A coleção analisada, seguindo a tendência atual de hibridização semiótica dos livros

didáticos, apresenta sua estrutura gráfica intencionalmente constituída de modo a estabelecer

relação entre os conceitos e idéias apresentadas através, por exemplo, de sistemas

hierárquicos de títulos, do uso de cor de destaque em textos contendo a idéia essencial, no

tamanhos das letras, na disposição das imagens, caixas de texto e no uso da linguagem

matemática.
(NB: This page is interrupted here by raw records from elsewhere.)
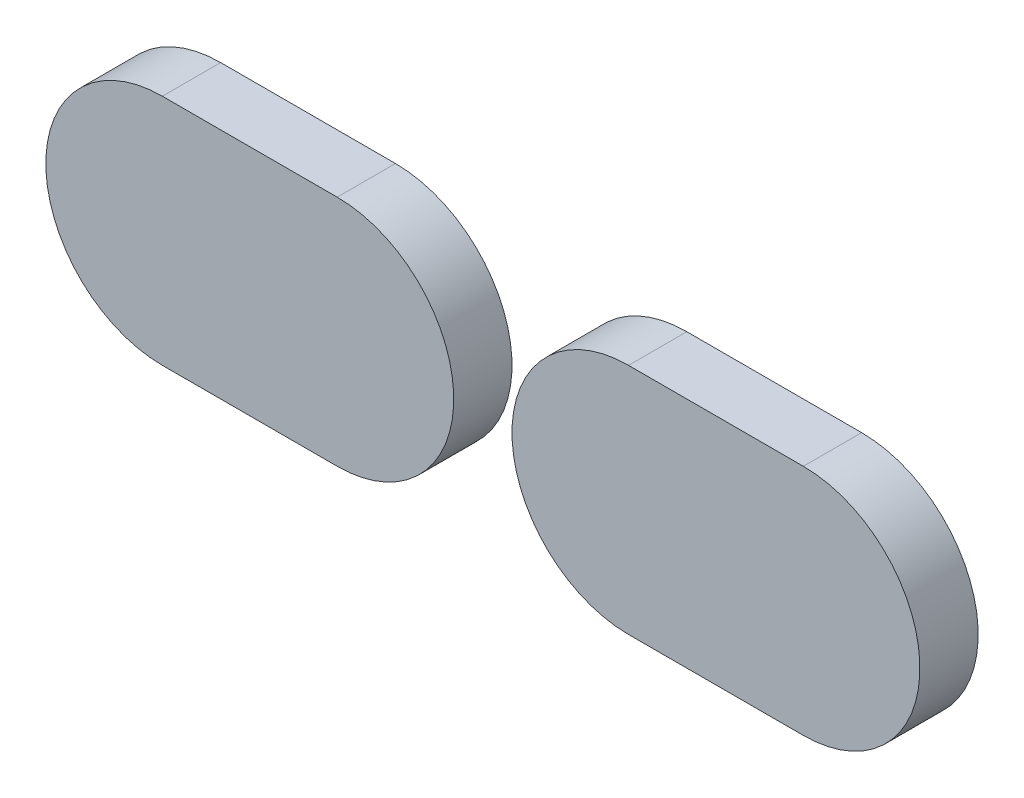
ISO-10303-21;
HEADER;
FILE_DESCRIPTION(('STEP AP214'),'2;1');
FILE_NAME('part.step','',(''),(''),'','','');
FILE_SCHEMA(('AUTOMOTIVE_DESIGN { 1 0 10303 214 1 1 1 1 }'));
ENDSEC;
DATA;
#1=APPLICATION_CONTEXT('core data for automotive mechanical design processes');
#2=APPLICATION_PROTOCOL_DEFINITION('international standard','automotive_design',2000,#1);
#3=PRODUCT_CONTEXT('',#1,'mechanical');
#4=PRODUCT('Part','Part','',(#3));
#5=PRODUCT_RELATED_PRODUCT_CATEGORY('part','',(#4));
#6=PRODUCT_DEFINITION_FORMATION('','',#4);
#7=PRODUCT_DEFINITION_CONTEXT('part definition',#1,'design');
#8=PRODUCT_DEFINITION('design','',#6,#7);
#9=PRODUCT_DEFINITION_SHAPE('','',#8);
#10=(LENGTH_UNIT() NAMED_UNIT(*) SI_UNIT(.MILLI.,.METRE.));
#11=(NAMED_UNIT(*) PLANE_ANGLE_UNIT() SI_UNIT($,.RADIAN.));
#12=(NAMED_UNIT(*) SI_UNIT($,.STERADIAN.) SOLID_ANGLE_UNIT());
#13=UNCERTAINTY_MEASURE_WITH_UNIT(LENGTH_MEASURE(1.E-05),#10,'distance_accuracy_value','');
#14=(GEOMETRIC_REPRESENTATION_CONTEXT(3) GLOBAL_UNCERTAINTY_ASSIGNED_CONTEXT((#13)) GLOBAL_UNIT_ASSIGNED_CONTEXT((#10,
#11,#12)) REPRESENTATION_CONTEXT('',''));
#15=CARTESIAN_POINT('',(0.,0.,0.));
#16=DIRECTION('',(0.,0.,1.));
#17=DIRECTION('',(1.,0.,0.));
#18=AXIS2_PLACEMENT_3D('',#15,#16,#17);
#19=CARTESIAN_POINT('',(80.,0.,10.));
#20=DIRECTION('',(0.,0.,-1.));
#21=DIRECTION('',(-1.,0.,0.));
#22=AXIS2_PLACEMENT_3D('',#19,#20,#21);
#23=CYLINDRICAL_SURFACE('',#22,20.);
#24=CARTESIAN_POINT('',(80.,0.,0.));
#25=DIRECTION('',(0.,0.,1.));
#26=DIRECTION('',(1.,0.,0.));
#27=AXIS2_PLACEMENT_3D('',#24,#25,#26);
#28=CIRCLE('',#27,20.);
#29=CARTESIAN_POINT('',(80.,20.,0.));
#30=VERTEX_POINT('',#29);
#31=CARTESIAN_POINT('',(80.,-20.,0.));
#32=VERTEX_POINT('',#31);
#33=EDGE_CURVE('E13',#30,#32,#28,.T.);
#34=ORIENTED_EDGE('',*,*,#33,.T.);
#35=DIRECTION('',(0.,0.,-1.));
#36=VECTOR('',#35,1.);
#37=CARTESIAN_POINT('',(80.,-20.,10.));
#38=LINE('',#37,#36);
#39=CARTESIAN_POINT('',(80.,-20.,10.));
#40=VERTEX_POINT('',#39);
#41=EDGE_CURVE('E135',#40,#32,#38,.T.);
#42=ORIENTED_EDGE('',*,*,#41,.F.);
#43=CARTESIAN_POINT('',(80.,0.,10.));
#44=DIRECTION('',(0.,0.,1.));
#45=DIRECTION('',(1.,0.,0.));
#46=AXIS2_PLACEMENT_3D('',#43,#44,#45);
#47=CIRCLE('',#46,20.);
#48=CARTESIAN_POINT('',(80.,20.,10.));
#49=VERTEX_POINT('',#48);
#50=EDGE_CURVE('E59',#49,#40,#47,.T.);
#51=ORIENTED_EDGE('',*,*,#50,.F.);
#52=DIRECTION('',(0.,0.,-1.));
#53=VECTOR('',#52,1.);
#54=CARTESIAN_POINT('',(80.,20.,10.));
#55=LINE('',#54,#53);
#56=EDGE_CURVE('E115',#49,#30,#55,.T.);
#57=ORIENTED_EDGE('',*,*,#56,.T.);
#58=EDGE_LOOP('',(#34,#42,#51,#57));
#59=FACE_BOUND('',#58,.T.);
#60=ADVANCED_FACE('F55',(#59),#23,.T.);
#61=CARTESIAN_POINT('',(80.,-20.,10.));
#62=DIRECTION('',(0.,1.,0.));
#63=DIRECTION('',(0.,0.,1.));
#64=AXIS2_PLACEMENT_3D('',#61,#62,#63);
#65=PLANE('',#64);
#66=DIRECTION('',(1.,0.,0.));
#67=VECTOR('',#66,1.);
#68=CARTESIAN_POINT('',(80.,-20.,0.));
#69=LINE('',#68,#67);
#70=CARTESIAN_POINT('',(110.,-20.,0.));
#71=VERTEX_POINT('',#70);
#72=EDGE_CURVE('E66',#32,#71,#69,.T.);
#73=ORIENTED_EDGE('',*,*,#72,.T.);
#74=DIRECTION('',(0.,0.,-1.));
#75=VECTOR('',#74,1.);
#76=CARTESIAN_POINT('',(110.,-20.,10.));
#77=LINE('',#76,#75);
#78=CARTESIAN_POINT('',(110.,-20.,10.));
#79=VERTEX_POINT('',#78);
#80=EDGE_CURVE('E111',#79,#71,#77,.T.);
#81=ORIENTED_EDGE('',*,*,#80,.F.);
#82=DIRECTION('',(1.,0.,0.));
#83=VECTOR('',#82,1.);
#84=CARTESIAN_POINT('',(80.,-20.,10.));
#85=LINE('',#84,#83);
#86=EDGE_CURVE('E90',#40,#79,#85,.T.);
#87=ORIENTED_EDGE('',*,*,#86,.F.);
#88=ORIENTED_EDGE('',*,*,#41,.T.);
#89=EDGE_LOOP('',(#73,#81,#87,#88));
#90=FACE_BOUND('',#89,.T.);
#91=ADVANCED_FACE('F138',(#90),#65,.F.);
#92=CARTESIAN_POINT('',(110.,0.,10.));
#93=DIRECTION('',(0.,0.,-1.));
#94=DIRECTION('',(-1.,0.,0.));
#95=AXIS2_PLACEMENT_3D('',#92,#93,#94);
#96=CYLINDRICAL_SURFACE('',#95,20.);
#97=CARTESIAN_POINT('',(110.,0.,0.));
#98=DIRECTION('',(0.,0.,1.));
#99=DIRECTION('',(1.,0.,0.));
#100=AXIS2_PLACEMENT_3D('',#97,#98,#99);
#101=CIRCLE('',#100,20.);
#102=CARTESIAN_POINT('',(110.,20.,0.));
#103=VERTEX_POINT('',#102);
#104=EDGE_CURVE('E106',#71,#103,#101,.T.);
#105=ORIENTED_EDGE('',*,*,#104,.T.);
#106=DIRECTION('',(0.,0.,-1.));
#107=VECTOR('',#106,1.);
#108=CARTESIAN_POINT('',(110.,20.,10.));
#109=LINE('',#108,#107);
#110=CARTESIAN_POINT('',(110.,20.,10.));
#111=VERTEX_POINT('',#110);
#112=EDGE_CURVE('E109',#111,#103,#109,.T.);
#113=ORIENTED_EDGE('',*,*,#112,.F.);
#114=CARTESIAN_POINT('',(110.,0.,10.));
#115=DIRECTION('',(0.,0.,1.));
#116=DIRECTION('',(1.,0.,0.));
#117=AXIS2_PLACEMENT_3D('',#114,#115,#116);
#118=CIRCLE('',#117,20.);
#119=EDGE_CURVE('E125',#79,#111,#118,.T.);
#120=ORIENTED_EDGE('',*,*,#119,.F.);
#121=ORIENTED_EDGE('',*,*,#80,.T.);
#122=EDGE_LOOP('',(#105,#113,#120,#121));
#123=FACE_BOUND('',#122,.T.);
#124=ADVANCED_FACE('F107',(#123),#96,.T.);
#125=CARTESIAN_POINT('',(80.,20.,10.));
#126=DIRECTION('',(0.,-1.,0.));
#127=DIRECTION('',(0.,0.,-1.));
#128=AXIS2_PLACEMENT_3D('',#125,#126,#127);
#129=PLANE('',#128);
#130=DIRECTION('',(-1.,0.,0.));
#131=VECTOR('',#130,1.);
#132=CARTESIAN_POINT('',(80.,20.,0.));
#133=LINE('',#132,#131);
#134=EDGE_CURVE('E100',#103,#30,#133,.T.);
#135=ORIENTED_EDGE('',*,*,#134,.T.);
#136=ORIENTED_EDGE('',*,*,#56,.F.);
#137=DIRECTION('',(-1.,0.,0.));
#138=VECTOR('',#137,1.);
#139=CARTESIAN_POINT('',(80.,20.,10.));
#140=LINE('',#139,#138);
#141=EDGE_CURVE('E114',#111,#49,#140,.T.);
#142=ORIENTED_EDGE('',*,*,#141,.F.);
#143=ORIENTED_EDGE('',*,*,#112,.T.);
#144=EDGE_LOOP('',(#135,#136,#142,#143));
#145=FACE_BOUND('',#144,.T.);
#146=ADVANCED_FACE('F113',(#145),#129,.F.);
#147=CARTESIAN_POINT('',(80.,0.,10.));
#148=DIRECTION('',(0.,0.,1.));
#149=DIRECTION('',(1.,0.,0.));
#150=AXIS2_PLACEMENT_3D('',#147,#148,#149);
#151=PLANE('',#150);
#152=ORIENTED_EDGE('',*,*,#50,.T.);
#153=ORIENTED_EDGE('',*,*,#86,.T.);
#154=ORIENTED_EDGE('',*,*,#119,.T.);
#155=ORIENTED_EDGE('',*,*,#141,.T.);
#156=EDGE_LOOP('',(#152,#153,#154,#155));
#157=FACE_BOUND('',#156,.T.);
#158=ADVANCED_FACE('F57',(#157),#151,.T.);
#159=CARTESIAN_POINT('',(80.,0.,0.));
#160=DIRECTION('',(0.,0.,1.));
#161=DIRECTION('',(1.,0.,0.));
#162=AXIS2_PLACEMENT_3D('',#159,#160,#161);
#163=PLANE('',#162);
#164=ORIENTED_EDGE('',*,*,#33,.F.);
#165=ORIENTED_EDGE('',*,*,#134,.F.);
#166=ORIENTED_EDGE('',*,*,#104,.F.);
#167=ORIENTED_EDGE('',*,*,#72,.F.);
#168=EDGE_LOOP('',(#164,#165,#166,#167));
#169=FACE_BOUND('',#168,.T.);
#170=ADVANCED_FACE('F117',(#169),#163,.F.);
#171=CLOSED_SHELL('',(#60,#91,#124,#146,#158,#170));
#172=MANIFOLD_SOLID_BREP('B2',#171);
#173=CARTESIAN_POINT('',(0.,0.,10.));
#174=DIRECTION('',(0.,0.,-1.));
#175=DIRECTION('',(-1.,0.,0.));
#176=AXIS2_PLACEMENT_3D('',#173,#174,#175);
#177=CYLINDRICAL_SURFACE('',#176,20.);
#178=CARTESIAN_POINT('',(0.,0.,0.));
#179=DIRECTION('',(0.,0.,1.));
#180=DIRECTION('',(1.,0.,0.));
#181=AXIS2_PLACEMENT_3D('',#178,#179,#180);
#182=CIRCLE('',#181,20.);
#183=CARTESIAN_POINT('',(0.,20.,0.));
#184=VERTEX_POINT('',#183);
#185=CARTESIAN_POINT('',(0.,-20.,0.));
#186=VERTEX_POINT('',#185);
#187=EDGE_CURVE('E272',#184,#186,#182,.T.);
#188=ORIENTED_EDGE('',*,*,#187,.T.);
#189=DIRECTION('',(0.,0.,-1.));
#190=VECTOR('',#189,1.);
#191=CARTESIAN_POINT('',(0.,-20.,10.));
#192=LINE('',#191,#190);
#193=CARTESIAN_POINT('',(0.,-20.,10.));
#194=VERTEX_POINT('',#193);
#195=EDGE_CURVE('E53',#194,#186,#192,.T.);
#196=ORIENTED_EDGE('',*,*,#195,.F.);
#197=CARTESIAN_POINT('',(0.,0.,10.));
#198=DIRECTION('',(0.,0.,1.));
#199=DIRECTION('',(1.,0.,0.));
#200=AXIS2_PLACEMENT_3D('',#197,#198,#199);
#201=CIRCLE('',#200,20.);
#202=CARTESIAN_POINT('',(0.,20.,10.));
#203=VERTEX_POINT('',#202);
#204=EDGE_CURVE('E241',#203,#194,#201,.T.);
#205=ORIENTED_EDGE('',*,*,#204,.F.);
#206=DIRECTION('',(0.,0.,-1.));
#207=VECTOR('',#206,1.);
#208=CARTESIAN_POINT('',(0.,20.,10.));
#209=LINE('',#208,#207);
#210=EDGE_CURVE('E252',#203,#184,#209,.T.);
#211=ORIENTED_EDGE('',*,*,#210,.T.);
#212=EDGE_LOOP('',(#188,#196,#205,#211));
#213=FACE_BOUND('',#212,.T.);
#214=ADVANCED_FACE('F190',(#213),#177,.T.);
#215=CARTESIAN_POINT('',(0.,-20.,10.));
#216=DIRECTION('',(0.,1.,0.));
#217=DIRECTION('',(0.,0.,1.));
#218=AXIS2_PLACEMENT_3D('',#215,#216,#217);
#219=PLANE('',#218);
#220=DIRECTION('',(1.,0.,0.));
#221=VECTOR('',#220,1.);
#222=CARTESIAN_POINT('',(0.,-20.,0.));
#223=LINE('',#222,#221);
#224=CARTESIAN_POINT('',(30.,-20.,0.));
#225=VERTEX_POINT('',#224);
#226=EDGE_CURVE('E246',#186,#225,#223,.T.);
#227=ORIENTED_EDGE('',*,*,#226,.T.);
#228=DIRECTION('',(0.,0.,-1.));
#229=VECTOR('',#228,1.);
#230=CARTESIAN_POINT('',(30.,-20.,10.));
#231=LINE('',#230,#229);
#232=CARTESIAN_POINT('',(30.,-20.,10.));
#233=VERTEX_POINT('',#232);
#234=EDGE_CURVE('E198',#233,#225,#231,.T.);
#235=ORIENTED_EDGE('',*,*,#234,.F.);
#236=DIRECTION('',(1.,0.,0.));
#237=VECTOR('',#236,1.);
#238=CARTESIAN_POINT('',(0.,-20.,10.));
#239=LINE('',#238,#237);
#240=EDGE_CURVE('E236',#194,#233,#239,.T.);
#241=ORIENTED_EDGE('',*,*,#240,.F.);
#242=ORIENTED_EDGE('',*,*,#195,.T.);
#243=EDGE_LOOP('',(#227,#235,#241,#242));
#244=FACE_BOUND('',#243,.T.);
#245=ADVANCED_FACE('F245',(#244),#219,.F.);
#246=CARTESIAN_POINT('',(30.,0.,10.));
#247=DIRECTION('',(0.,0.,-1.));
#248=DIRECTION('',(-1.,0.,0.));
#249=AXIS2_PLACEMENT_3D('',#246,#247,#248);
#250=CYLINDRICAL_SURFACE('',#249,20.);
#251=CARTESIAN_POINT('',(30.,0.,0.));
#252=DIRECTION('',(0.,0.,1.));
#253=DIRECTION('',(1.,0.,0.));
#254=AXIS2_PLACEMENT_3D('',#251,#252,#253);
#255=CIRCLE('',#254,20.);
#256=CARTESIAN_POINT('',(30.,20.,0.));
#257=VERTEX_POINT('',#256);
#258=EDGE_CURVE('E223',#225,#257,#255,.T.);
#259=ORIENTED_EDGE('',*,*,#258,.T.);
#260=DIRECTION('',(0.,0.,-1.));
#261=VECTOR('',#260,1.);
#262=CARTESIAN_POINT('',(30.,20.,10.));
#263=LINE('',#262,#261);
#264=CARTESIAN_POINT('',(30.,20.,10.));
#265=VERTEX_POINT('',#264);
#266=EDGE_CURVE('E247',#265,#257,#263,.T.);
#267=ORIENTED_EDGE('',*,*,#266,.F.);
#268=CARTESIAN_POINT('',(30.,0.,10.));
#269=DIRECTION('',(0.,0.,1.));
#270=DIRECTION('',(1.,0.,0.));
#271=AXIS2_PLACEMENT_3D('',#268,#269,#270);
#272=CIRCLE('',#271,20.);
#273=EDGE_CURVE('E239',#233,#265,#272,.T.);
#274=ORIENTED_EDGE('',*,*,#273,.F.);
#275=ORIENTED_EDGE('',*,*,#234,.T.);
#276=EDGE_LOOP('',(#259,#267,#274,#275));
#277=FACE_BOUND('',#276,.T.);
#278=ADVANCED_FACE('F248',(#277),#250,.T.);
#279=CARTESIAN_POINT('',(0.,20.,10.));
#280=DIRECTION('',(0.,-1.,0.));
#281=DIRECTION('',(0.,0.,-1.));
#282=AXIS2_PLACEMENT_3D('',#279,#280,#281);
#283=PLANE('',#282);
#284=DIRECTION('',(-1.,0.,0.));
#285=VECTOR('',#284,1.);
#286=CARTESIAN_POINT('',(0.,20.,0.));
#287=LINE('',#286,#285);
#288=EDGE_CURVE('E229',#257,#184,#287,.T.);
#289=ORIENTED_EDGE('',*,*,#288,.T.);
#290=ORIENTED_EDGE('',*,*,#210,.F.);
#291=DIRECTION('',(-1.,0.,0.));
#292=VECTOR('',#291,1.);
#293=CARTESIAN_POINT('',(0.,20.,10.));
#294=LINE('',#293,#292);
#295=EDGE_CURVE('E206',#265,#203,#294,.T.);
#296=ORIENTED_EDGE('',*,*,#295,.F.);
#297=ORIENTED_EDGE('',*,*,#266,.T.);
#298=EDGE_LOOP('',(#289,#290,#296,#297));
#299=FACE_BOUND('',#298,.T.);
#300=ADVANCED_FACE('F267',(#299),#283,.F.);
#301=CARTESIAN_POINT('',(0.,0.,10.));
#302=DIRECTION('',(0.,0.,1.));
#303=DIRECTION('',(1.,0.,0.));
#304=AXIS2_PLACEMENT_3D('',#301,#302,#303);
#305=PLANE('',#304);
#306=ORIENTED_EDGE('',*,*,#204,.T.);
#307=ORIENTED_EDGE('',*,*,#240,.T.);
#308=ORIENTED_EDGE('',*,*,#273,.T.);
#309=ORIENTED_EDGE('',*,*,#295,.T.);
#310=EDGE_LOOP('',(#306,#307,#308,#309));
#311=FACE_BOUND('',#310,.T.);
#312=ADVANCED_FACE('F237',(#311),#305,.T.);
#313=CARTESIAN_POINT('',(0.,0.,0.));
#314=DIRECTION('',(0.,0.,1.));
#315=DIRECTION('',(1.,0.,0.));
#316=AXIS2_PLACEMENT_3D('',#313,#314,#315);
#317=PLANE('',#316);
#318=ORIENTED_EDGE('',*,*,#187,.F.);
#319=ORIENTED_EDGE('',*,*,#288,.F.);
#320=ORIENTED_EDGE('',*,*,#258,.F.);
#321=ORIENTED_EDGE('',*,*,#226,.F.);
#322=EDGE_LOOP('',(#318,#319,#320,#321));
#323=FACE_BOUND('',#322,.T.);
#324=ADVANCED_FACE('F270',(#323),#317,.F.);
#325=CLOSED_SHELL('',(#214,#245,#278,#300,#312,#324));
#326=MANIFOLD_SOLID_BREP('B7',#325);
#327=ADVANCED_BREP_SHAPE_REPRESENTATION('',(#18,#172,#326),#14);
#328=SHAPE_DEFINITION_REPRESENTATION(#9,#327);
ENDSEC;
END-ISO-10303-21;

Constatamos, ainda, que os volumes dessa coleção apresentam cerca de 40% da

área de suas páginas, ocupada por imagens, com uma média de 2,4 imagens por página;

confirmando a tese de que os livros vêem se tornando cada vez mais ilustrados e justificando

a relevância de estudos que tratem do papel das imagens na aprendizagem dos conceitos,

Do total das imagens encontradas nos quatro volumes da coleção, cerca de 11% foi

por nós consideradas como sendo imagens referentes à saúde e, destas, mais da metade eram

fotografias. Este fato nos levou a optar por uma análise mais detida deste conjunto, por

entendermos que as fotografias, sendo imagens altamente icônicas, podem ser percebidas

socialmente como uma representação fiel da realidade constituindo-se em excelentes

instrumentos de imposição ideológica, pois levam naturalmente a crer que o que ela diz é

verdade. Essa falsa ilusão de realidade que as fotografias podem suscitar levou-nos a refletir

sobre o significado que pode ter para o ensino de ciências essa presença tão marcante desse

tipo de imagem nos livros didáticos. Acreditamos que a fotografia presente em materiais

didáticos carrega consigo esse caráter de verdade inquestionável naturalizando idéias,

conceitos, princípios, comportamentos, estéticas e etc., já que são lidas em uma situação de

aprendizagem intencional onde não só os conhecimentos científicos estão sendo construídos,

como também a própria identidade cidadã do aluno. Com base nessa percepção buscamos,

neste estudo, compreender o modo como estas imagens veiculam mensagens e produzem

sentidos, isto é, seus mecanismos de conotação.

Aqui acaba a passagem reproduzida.